Segundo o dicionário, expectativa é uma “esperança baseada em supostos direitos, probabilidades, pressupostos ou promessas”. Mas, segundo muitas pessoas, expectativa é, na verdade, uma merda. E esta mistura perigosíssima de características é uma das coisas mais trabalhadas pela indústria do cinema. Nunca antes na história deste planetinha, foram vistos tantos trailers, pôsteres, cenas de bastidores e pré-vendas como agora. Essa faca de dois gumes pode atrapalhar bastante, descaracterizando a fita e refletindo isso em bilheteria ou um boca a boca positivo pode gerar lucros e sequências de um filme as vezes até não tão bom. Embora o trabalho do roteirista Alex Garland não seja livre de erros, ele pelo menos retrata otimamente bem o universo do personagem Dredd, criado por John Wagner e Carlos Ezquerra, onde a violência (tanto física como psicológica) é de fato uma peça chave importantíssima. "Dredd" é um filme fantástico que infelizmente por vários motivos (até mesmo bobos) teve uma bilheteria ridícula mundialmente e que lamentavelmente corre mais riscos de cair no esquecimento do que virar "cult"...

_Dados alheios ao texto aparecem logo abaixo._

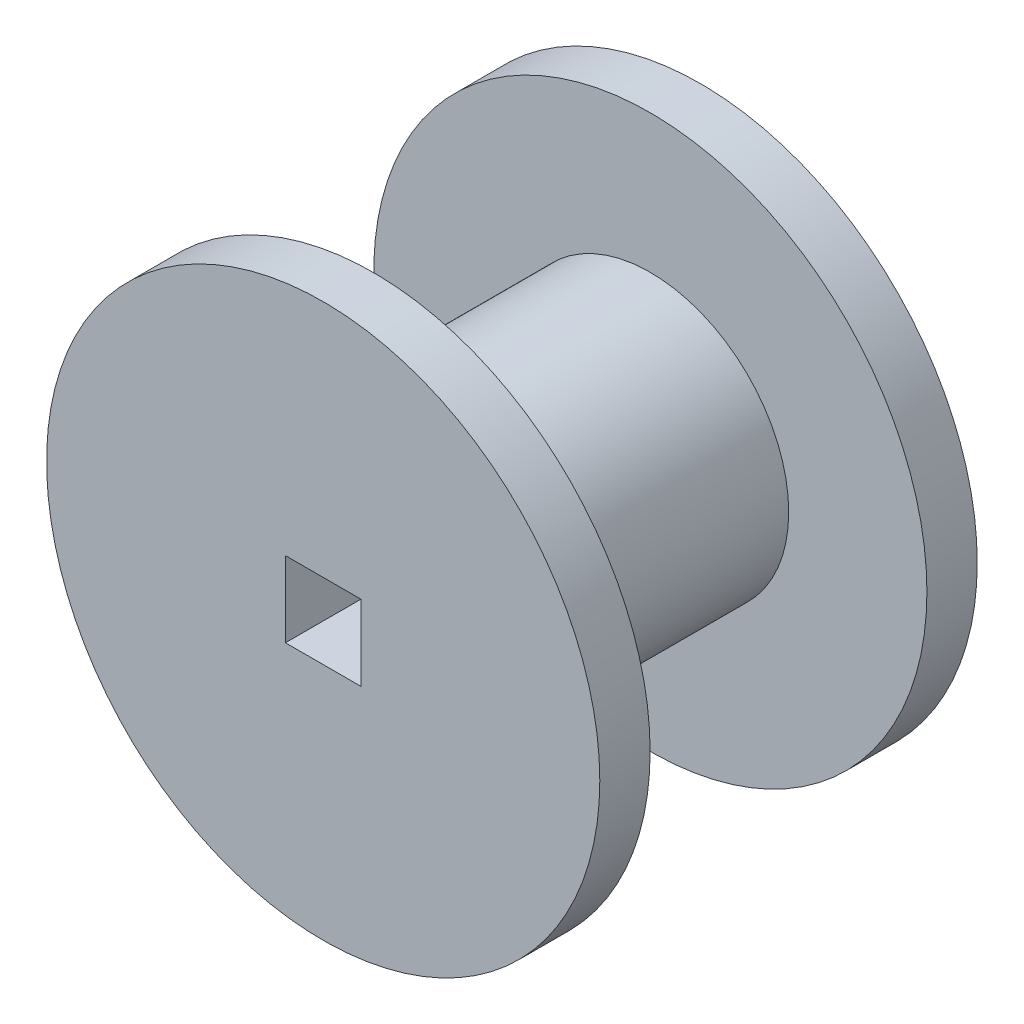
from build123d import *

# Parameters (mm, degrees)
SKETCH_1_R      = 10.992648621
SKETCH_1_W      = 3
SKETCH_1_H      = 3
EXTRUDE_1_DEPTH = 2
SKETCH_2_R      = 5.5
SKETCH_2_W      = 3
SKETCH_2_H      = 3
EXTRUDE_2_DEPTH = 5.5


with BuildPart() as part:
    # 草图1 → 凸台-拉伸1 (new body)
    with BuildSketch(Plane.XY):
        Circle(SKETCH_1_R)
        Rectangle(SKETCH_1_W, SKETCH_1_H, mode=Mode.SUBTRACT)
    extrude_1 = extrude(amount=EXTRUDE_1_DEPTH)

    # 草图2 → 凸台-拉伸2 (add)
    with BuildSketch(Plane.XY.offset(2)):
        Circle(SKETCH_2_R)
        Rectangle(SKETCH_2_W, SKETCH_2_H, mode=Mode.SUBTRACT)
    extrude_2 = extrude(amount=EXTRUDE_2_DEPTH)

    # 镜向1: 凸台-拉伸1, 凸台-拉伸2 across plane
    add(extrude_1.mirror(Plane.XY.offset(7.5)))
    add(extrude_2.mirror(Plane.XY.offset(7.5)))


solid = part.part

Baseado na fodaralhastica (eita palavra linda que eu acho que inventei agora) HQ dos já citados Wagner e Ezquerra publicadas desde 1977, puta que me pariu!!!, na revista 2000 AD o filme conta a história de Joe Dredd (Urban) é um dos mais temidos juízes nas ruas de um futuro distópico de Mega City One, com o poder de impor a lei, sentenciar os criminosos e executá-los no local, quando necessário. Já Cassandra Anderson (Olivia Thirlby) nunca conseguiu passar no teste para tornar-se uma juíza, mas é aceita como recruta da corporação por seu excepcional poder de ler mentes. A trama se passa durante a primeira missão de Anderson ao lado de Dredd, no gigantesco bloco residencial Peach Trees, que o bando de Madeline Madrigal (Lena Headey, cuja falta de expressividade dá à personagem um fatalismo bastante envolvente), conhecida como Ma-Ma, controla do alto do 200º andar.
Não sei se sei lá intencionalmente o filme possui características de "Robocop" de 1987 do Verhoven. Ambos se passam numa metrópole futurista tomada pela violência que depende de uma força policial atípica para deter a criminalidade e contam histórias que trazem a mais brutal violência como recurso narrativo central além, claro, de girarem em torno de um policial veterano e de uma novata que se veem vitimados por quadrilhas absolutamente impiedosas. Além disso, são ótimos filmes que sobrevivem às armadilhas do gênero, criando universos realistas (apesar do absurdo de suas premissas) e angustiantes. Em outras palavras, este novo Dredd nada tem a ver com aquela besteira estrelada por Sylvester Stallone em 1995. Maluco, aqui o JUDGE DREDD NÃO TIRA O CAPACETE cara! Peter Travis foi macho e não vemos uma única vez o rosto todo de Urban, só isso já da pra encher os olhos e se ligar na tela. Sem suavidade e sem frescura...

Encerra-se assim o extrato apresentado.